For someone from Brooklyn visiting Cincinnati, this is a treat – The John Roebling Suspension Bridge. Here we have the first large Roebling bridge over a river, and it was built well before the Brooklyn Bridge, completed in 1866, and contained just about everything that would be enlarged and become one of the greatest bridges in all the world in New York City.

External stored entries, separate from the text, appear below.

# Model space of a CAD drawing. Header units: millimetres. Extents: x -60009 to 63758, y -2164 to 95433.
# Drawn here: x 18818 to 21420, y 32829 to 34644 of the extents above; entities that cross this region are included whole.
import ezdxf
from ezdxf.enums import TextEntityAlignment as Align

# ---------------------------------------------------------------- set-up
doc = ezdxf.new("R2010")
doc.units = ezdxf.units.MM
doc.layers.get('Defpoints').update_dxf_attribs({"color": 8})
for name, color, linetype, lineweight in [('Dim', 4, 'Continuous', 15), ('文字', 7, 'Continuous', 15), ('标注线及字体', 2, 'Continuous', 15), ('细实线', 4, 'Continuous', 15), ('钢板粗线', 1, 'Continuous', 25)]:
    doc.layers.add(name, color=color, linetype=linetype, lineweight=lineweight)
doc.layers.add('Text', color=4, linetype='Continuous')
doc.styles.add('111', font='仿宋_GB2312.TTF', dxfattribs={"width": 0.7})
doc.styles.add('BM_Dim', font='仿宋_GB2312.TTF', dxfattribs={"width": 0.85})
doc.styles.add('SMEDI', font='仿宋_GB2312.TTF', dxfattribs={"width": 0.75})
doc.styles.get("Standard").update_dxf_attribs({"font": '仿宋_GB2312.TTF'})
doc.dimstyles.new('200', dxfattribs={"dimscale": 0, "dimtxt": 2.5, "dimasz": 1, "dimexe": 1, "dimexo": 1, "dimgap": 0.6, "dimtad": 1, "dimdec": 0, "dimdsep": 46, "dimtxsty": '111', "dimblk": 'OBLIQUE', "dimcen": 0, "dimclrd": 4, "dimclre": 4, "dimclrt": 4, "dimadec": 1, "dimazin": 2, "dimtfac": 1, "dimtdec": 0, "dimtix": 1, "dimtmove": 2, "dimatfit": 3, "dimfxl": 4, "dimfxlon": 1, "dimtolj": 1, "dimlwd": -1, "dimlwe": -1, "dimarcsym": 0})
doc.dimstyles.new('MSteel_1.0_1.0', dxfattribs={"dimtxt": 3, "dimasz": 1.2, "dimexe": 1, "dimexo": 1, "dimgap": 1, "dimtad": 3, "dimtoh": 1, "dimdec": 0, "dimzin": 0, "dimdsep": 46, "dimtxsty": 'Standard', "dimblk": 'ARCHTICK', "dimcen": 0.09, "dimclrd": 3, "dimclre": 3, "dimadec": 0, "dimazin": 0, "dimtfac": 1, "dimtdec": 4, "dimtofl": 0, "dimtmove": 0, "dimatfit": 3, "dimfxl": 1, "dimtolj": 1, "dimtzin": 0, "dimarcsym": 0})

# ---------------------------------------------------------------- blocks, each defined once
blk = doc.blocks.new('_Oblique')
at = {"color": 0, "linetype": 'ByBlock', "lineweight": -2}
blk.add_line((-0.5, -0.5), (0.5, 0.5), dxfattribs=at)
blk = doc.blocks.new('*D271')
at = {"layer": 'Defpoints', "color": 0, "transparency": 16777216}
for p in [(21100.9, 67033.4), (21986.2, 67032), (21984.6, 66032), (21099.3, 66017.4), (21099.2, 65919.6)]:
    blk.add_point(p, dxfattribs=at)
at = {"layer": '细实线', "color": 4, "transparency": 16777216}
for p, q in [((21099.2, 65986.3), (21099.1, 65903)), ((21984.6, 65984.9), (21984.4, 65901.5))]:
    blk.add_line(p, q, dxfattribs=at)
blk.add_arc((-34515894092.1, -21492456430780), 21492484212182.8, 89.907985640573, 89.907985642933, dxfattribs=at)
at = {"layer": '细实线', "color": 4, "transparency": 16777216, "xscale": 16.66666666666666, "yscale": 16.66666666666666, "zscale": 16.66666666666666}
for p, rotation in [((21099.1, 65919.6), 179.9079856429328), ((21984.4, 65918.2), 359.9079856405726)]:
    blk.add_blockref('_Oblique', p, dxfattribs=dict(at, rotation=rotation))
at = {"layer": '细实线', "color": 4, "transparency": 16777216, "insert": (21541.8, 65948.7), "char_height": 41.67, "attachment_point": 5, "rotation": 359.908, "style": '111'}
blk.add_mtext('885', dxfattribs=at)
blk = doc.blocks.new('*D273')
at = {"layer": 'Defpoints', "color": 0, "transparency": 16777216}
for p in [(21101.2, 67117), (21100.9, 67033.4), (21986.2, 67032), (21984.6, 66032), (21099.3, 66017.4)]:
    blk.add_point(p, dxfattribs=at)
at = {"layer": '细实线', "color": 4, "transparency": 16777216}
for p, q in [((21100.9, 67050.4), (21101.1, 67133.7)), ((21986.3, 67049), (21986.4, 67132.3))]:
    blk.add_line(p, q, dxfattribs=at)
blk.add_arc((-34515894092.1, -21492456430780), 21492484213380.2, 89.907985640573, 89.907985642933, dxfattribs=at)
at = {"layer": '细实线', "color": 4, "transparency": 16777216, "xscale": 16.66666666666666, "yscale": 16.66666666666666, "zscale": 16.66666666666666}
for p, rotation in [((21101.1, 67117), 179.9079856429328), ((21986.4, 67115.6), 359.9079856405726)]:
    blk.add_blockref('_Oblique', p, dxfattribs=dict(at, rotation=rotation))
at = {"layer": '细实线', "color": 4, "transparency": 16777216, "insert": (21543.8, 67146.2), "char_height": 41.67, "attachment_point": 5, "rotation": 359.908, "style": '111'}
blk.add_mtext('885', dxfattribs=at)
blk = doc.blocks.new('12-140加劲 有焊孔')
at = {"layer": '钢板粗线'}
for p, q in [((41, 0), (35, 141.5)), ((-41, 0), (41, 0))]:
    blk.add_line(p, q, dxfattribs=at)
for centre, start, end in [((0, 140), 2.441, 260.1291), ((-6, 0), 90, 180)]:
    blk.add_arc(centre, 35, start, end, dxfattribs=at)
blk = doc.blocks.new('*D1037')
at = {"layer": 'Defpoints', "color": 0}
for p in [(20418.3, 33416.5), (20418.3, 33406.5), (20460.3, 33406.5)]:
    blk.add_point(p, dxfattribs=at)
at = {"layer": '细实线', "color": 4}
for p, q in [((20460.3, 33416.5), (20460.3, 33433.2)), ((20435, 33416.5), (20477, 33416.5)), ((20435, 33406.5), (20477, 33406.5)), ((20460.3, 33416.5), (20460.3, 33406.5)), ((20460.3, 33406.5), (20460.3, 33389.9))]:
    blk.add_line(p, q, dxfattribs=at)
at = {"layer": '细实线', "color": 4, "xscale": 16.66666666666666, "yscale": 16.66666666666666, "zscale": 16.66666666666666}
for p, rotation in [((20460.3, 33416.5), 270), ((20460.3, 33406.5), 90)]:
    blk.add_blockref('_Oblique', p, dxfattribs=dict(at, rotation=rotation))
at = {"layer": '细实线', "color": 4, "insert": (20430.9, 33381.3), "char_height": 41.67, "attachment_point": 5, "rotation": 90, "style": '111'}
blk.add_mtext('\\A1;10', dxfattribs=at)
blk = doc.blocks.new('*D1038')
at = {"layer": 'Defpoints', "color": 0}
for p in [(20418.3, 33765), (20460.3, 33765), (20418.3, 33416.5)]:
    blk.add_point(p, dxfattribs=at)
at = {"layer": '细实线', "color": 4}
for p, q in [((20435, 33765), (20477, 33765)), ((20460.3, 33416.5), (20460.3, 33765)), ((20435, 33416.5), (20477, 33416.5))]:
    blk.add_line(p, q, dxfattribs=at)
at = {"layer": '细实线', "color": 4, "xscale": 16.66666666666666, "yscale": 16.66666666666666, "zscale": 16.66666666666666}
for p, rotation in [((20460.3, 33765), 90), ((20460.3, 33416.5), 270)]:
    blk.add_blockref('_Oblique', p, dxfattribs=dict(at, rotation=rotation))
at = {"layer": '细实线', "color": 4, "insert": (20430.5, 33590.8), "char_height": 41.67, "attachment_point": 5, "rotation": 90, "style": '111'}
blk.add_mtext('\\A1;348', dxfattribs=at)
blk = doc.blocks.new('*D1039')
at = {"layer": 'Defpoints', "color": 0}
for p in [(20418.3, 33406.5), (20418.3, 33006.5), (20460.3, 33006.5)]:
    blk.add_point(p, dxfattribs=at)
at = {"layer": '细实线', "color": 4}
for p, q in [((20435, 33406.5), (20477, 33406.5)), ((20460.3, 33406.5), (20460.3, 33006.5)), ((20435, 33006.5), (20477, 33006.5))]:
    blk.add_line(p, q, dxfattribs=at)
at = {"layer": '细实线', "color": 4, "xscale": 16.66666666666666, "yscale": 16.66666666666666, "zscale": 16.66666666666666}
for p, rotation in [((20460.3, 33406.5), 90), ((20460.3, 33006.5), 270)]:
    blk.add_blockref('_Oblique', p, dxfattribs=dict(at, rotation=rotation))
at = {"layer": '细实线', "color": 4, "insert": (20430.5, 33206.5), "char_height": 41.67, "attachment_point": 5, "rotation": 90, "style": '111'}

Both bridges opened years before vehicle traffic, althought the Brooklyn Bridge carried trains. The deck of this brdge supported only horses and horse-drawn vehicles for its first forty years. One slow Sunday afternoon i stood on the bridge and recorded the sound of a horse carriage traveling across it. Spontaneously the driver eventually asked me to hop on and cross the bridge with him while I recorded. This is one of the great things about location shooting, the fact that novel and spontaneous situations constantly occur, and, by taking advantage of them, we can tap into at least a small amount of novelty and originality, in this case, crossing over the great Ohio River on the way into the solid ground of downtown Cincinnati. the simple sounds of hooves on a steel grated roadway
In 1896 the steel deck was widened and built to support up to to 30 tons. During the Civil War, the war effort meant that the steel deck would be upgraded later, after the war, then upgraded again in 1896, in anticipation of truck and vehicle traffic that would explode into the 20th century, only to be downgrded again until, today, there is an eleven ton limit, meaning buses, let alone large trucks, are prohibited, and, once more, the bridge is horse and carriage friendly, with cars zipping by.